- First appearance: “Lamb Chopped” (The Quick Draw McGraw Show, 1959)
- Created by: William Hanna Joseph Barbera
- Voiced by: Daws Butler (1959–1988) Frank Milano (Songs of Yogi Bear and his Pals LP (1961)) Greg Burson (1989–2002) Billy West (commercials, Wacky Races) Earl Kress (Hanna-Barbera Cartoon Sound FX (1994)) Jeff Bergman (Cartoon Network commercials, 1999–present) Scott Innes (2003, 2012) Stephen Stanton (MetLife commercial) Victor Yerrid (Robot Chicken) Chris Edgerly (Drawn Together) Tom Kenny (Evil Con Carne, Wacky Races) Dana Snyder (Jellystone!)

In-universe information
- Alias: Snaggletooth
- Species: Mountain lion
- Gender: Male

= Snagglepuss =

Hanna-Barbera cartoon character

Snagglepuss is a cartoon character who debuted in prototype form on The Quick Draw McGraw Show in 1959 and was established as a studio regular by 1961. A light pink anthropomorphic mountain lion sporting an upturned collar, shirt cuffs, and bow tie, Snagglepuss enjoys the finer things in life and shows a particular affinity for the theatre. His stories routinely break the fourth wall as the character addresses the audience in self-narration, soliloquy, and asides. Originally voiced by Daws Butler, Snagglepuss seeks quasi-Shakespearean turns of phrase. Some of his campy verbal mannerisms became catchphrases: "Heavens to Murgatroyd!", "Exit, stage right!", and using emphatic "even" at the end of sentences.

==History==
A pink puma known as "Snaggletooth", featuring the eventual character's general manner and Bert Lahr-inspired voice but without collar or cuffs, first appeared on television in The Quick Draw McGraw Show in 1959. The character subsequently appeared in a supporting role in Augie Doggie and Doggie Daddy and Snooper and Blabber. Under the revised name of Snagglepuss, the character appeared in his own series of shorts in 1961 as a regular segment on The Yogi Bear Show, featuring in 32 episodes. He later appeared in other Hanna-Barbera shows, including Yogi's Gang (1973), as a co-host in Laff-A-Lympics (1977–78), Yogi's Treasure Hunt (1985), and as a teenager in Yo Yogi! (1991).

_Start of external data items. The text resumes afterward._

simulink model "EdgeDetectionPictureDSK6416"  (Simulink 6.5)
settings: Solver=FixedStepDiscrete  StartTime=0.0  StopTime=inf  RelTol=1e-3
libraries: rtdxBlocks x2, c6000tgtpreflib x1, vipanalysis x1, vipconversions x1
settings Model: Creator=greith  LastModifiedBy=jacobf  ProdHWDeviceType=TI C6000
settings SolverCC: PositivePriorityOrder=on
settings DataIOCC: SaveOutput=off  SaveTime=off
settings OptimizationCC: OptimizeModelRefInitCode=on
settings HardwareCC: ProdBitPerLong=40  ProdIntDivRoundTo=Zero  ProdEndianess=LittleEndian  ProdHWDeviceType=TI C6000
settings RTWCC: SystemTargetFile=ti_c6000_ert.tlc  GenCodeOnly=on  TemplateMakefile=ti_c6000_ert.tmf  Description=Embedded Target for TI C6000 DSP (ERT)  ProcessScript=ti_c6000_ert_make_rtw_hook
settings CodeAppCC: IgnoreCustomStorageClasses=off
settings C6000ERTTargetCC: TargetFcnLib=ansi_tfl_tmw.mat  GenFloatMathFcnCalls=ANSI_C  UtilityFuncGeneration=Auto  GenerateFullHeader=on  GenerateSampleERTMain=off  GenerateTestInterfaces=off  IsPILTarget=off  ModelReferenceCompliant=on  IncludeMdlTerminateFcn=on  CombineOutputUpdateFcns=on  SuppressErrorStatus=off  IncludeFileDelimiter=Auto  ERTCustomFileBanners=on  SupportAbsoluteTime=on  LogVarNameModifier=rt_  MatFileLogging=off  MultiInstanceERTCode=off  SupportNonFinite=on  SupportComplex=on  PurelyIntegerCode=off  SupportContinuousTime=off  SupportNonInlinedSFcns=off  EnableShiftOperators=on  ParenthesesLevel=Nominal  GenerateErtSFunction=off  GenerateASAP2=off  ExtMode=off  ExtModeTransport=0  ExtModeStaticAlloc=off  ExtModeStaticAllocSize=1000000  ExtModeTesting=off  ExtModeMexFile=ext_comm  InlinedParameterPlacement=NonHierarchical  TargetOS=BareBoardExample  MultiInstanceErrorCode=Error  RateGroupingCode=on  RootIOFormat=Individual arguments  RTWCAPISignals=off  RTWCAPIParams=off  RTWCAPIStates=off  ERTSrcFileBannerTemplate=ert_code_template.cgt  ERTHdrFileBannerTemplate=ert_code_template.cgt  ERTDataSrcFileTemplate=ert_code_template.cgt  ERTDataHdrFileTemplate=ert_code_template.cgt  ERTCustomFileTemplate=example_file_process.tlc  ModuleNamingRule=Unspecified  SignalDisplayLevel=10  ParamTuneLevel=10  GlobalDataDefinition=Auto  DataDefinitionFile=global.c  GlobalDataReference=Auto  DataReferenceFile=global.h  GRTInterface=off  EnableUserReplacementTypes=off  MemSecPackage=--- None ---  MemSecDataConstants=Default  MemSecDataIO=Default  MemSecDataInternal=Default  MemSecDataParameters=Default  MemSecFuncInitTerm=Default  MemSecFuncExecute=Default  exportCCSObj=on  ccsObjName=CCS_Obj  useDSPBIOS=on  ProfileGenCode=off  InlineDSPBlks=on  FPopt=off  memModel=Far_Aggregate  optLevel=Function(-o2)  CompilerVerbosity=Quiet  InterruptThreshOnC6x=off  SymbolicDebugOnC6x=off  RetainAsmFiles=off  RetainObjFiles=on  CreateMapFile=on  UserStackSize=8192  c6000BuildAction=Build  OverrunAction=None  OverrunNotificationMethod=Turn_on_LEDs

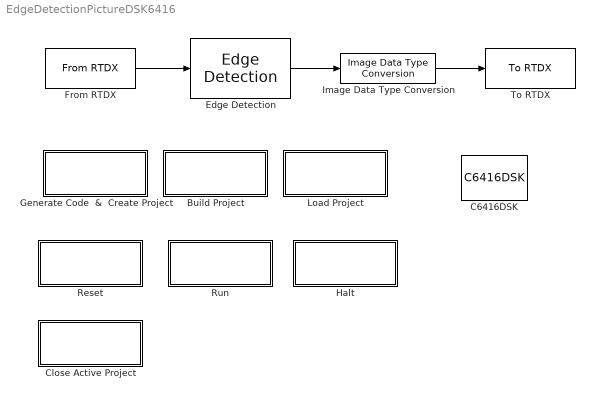
== system EdgeDetectionPictureDSK6416 ==
  Build Project : Subsystem
      settings: OpenFcn=CCS_Obj.build;
      mask Display: disp('Build\nProject')
  C6416DSK : c6000tgtpreflib/C6416DSK  Tag=C6000 TARGET PREFERENCES BLOCK  SystemSampleTime=-1
  Close Active Project : Subsystem
      settings: OpenFcn=close(CCS_Obj,[],'project')
      mask Display: disp('Close Active Project')
  Edge Detection : vipanalysis/Edge Detection  DialogController=vipDDGCreate  DialogControllerArgs=DataTag1  method=Sobel  outputType=Binary image  userDefinedThreshold=off  thresholdSource=Input port  threshold=20  thresholdTuning=1  edgeThinning=off  threshold_canny=[0.25 0.60]  autoPercent=70  sigma=1  prodOutputMode=Binary point scaling  prodOutputWordLength=32  prodOutputFracLength=8  roundingMode=Floor  overflowMode=off
  From RTDX : rtdxBlocks/From RTDX  channelNameStr=inputimage  isBlocking=on  icMaskVar=0  Ts=-1  dims=[65 309]  isFrame=off  dType=uint8  isChannelEnabled=on  isHighSpeedRTDXUsed=on
  Generate Code  &  Create Project : Subsystem
      settings: OpenFcn=make_rtw;
      mask Display: disp('Generate Code\n & \nCreate Project')
  Halt : Subsystem
      settings: OpenFcn=CCS_Obj.halt;
      mask Display: disp('Halt')
  Image Data Type Conversion : vipconversions/Image Data Type Conversion  outDT=uint8  isSigned=on  wordLen=16  numFracBits=0
  Load Project : Subsystem
      settings: OpenFcn=CCS_Obj.load([pwd,'\',bdroot,'_c6000_rtw\', bdroot, '.out'])
      mask Display: disp('Load\nProject')
  Reset : Subsystem
      settings: OpenFcn=CCS_Obj.reset;
      mask Display: disp('Reset')
  Run : Subsystem
      settings: OpenFcn=CCS_Obj.run;
      mask Display: disp('Run')
  To RTDX : rtdxBlocks/To RTDX  channelNameStr=outputimage  isBlocking=on  isChannelEnabled=on
  wires:
  Edge Detection/1 -> Image Data Type Conversion/1
  From RTDX/1 -> Edge Detection/1
  Image Data Type Conversion/1 -> To RTDX/1

== system EdgeDetectionPictureDSK6416/Build Project ==

== system EdgeDetectionPictureDSK6416/Close Active Project ==

== system EdgeDetectionPictureDSK6416/Generate Code  &  Create Project ==

== system EdgeDetectionPictureDSK6416/Halt ==

== system EdgeDetectionPictureDSK6416/Load Project ==

== system EdgeDetectionPictureDSK6416/Reset ==

== system EdgeDetectionPictureDSK6416/Run ==

Snagglepuss's appearance in a 1960s run of Kellogg's cereal television commercials prompted legal action by actor Bert Lahr, who said the similarity of the character's voice to his own could lead viewers to the false conclusion that Lahr himself had endorsed the product. As part of the settlement, the disclaimer "Snagglepuss voice by Daws Butler" was required to appear on each commercial. This made Butler one of the few voice artists to receive screen credits in a TV commercial.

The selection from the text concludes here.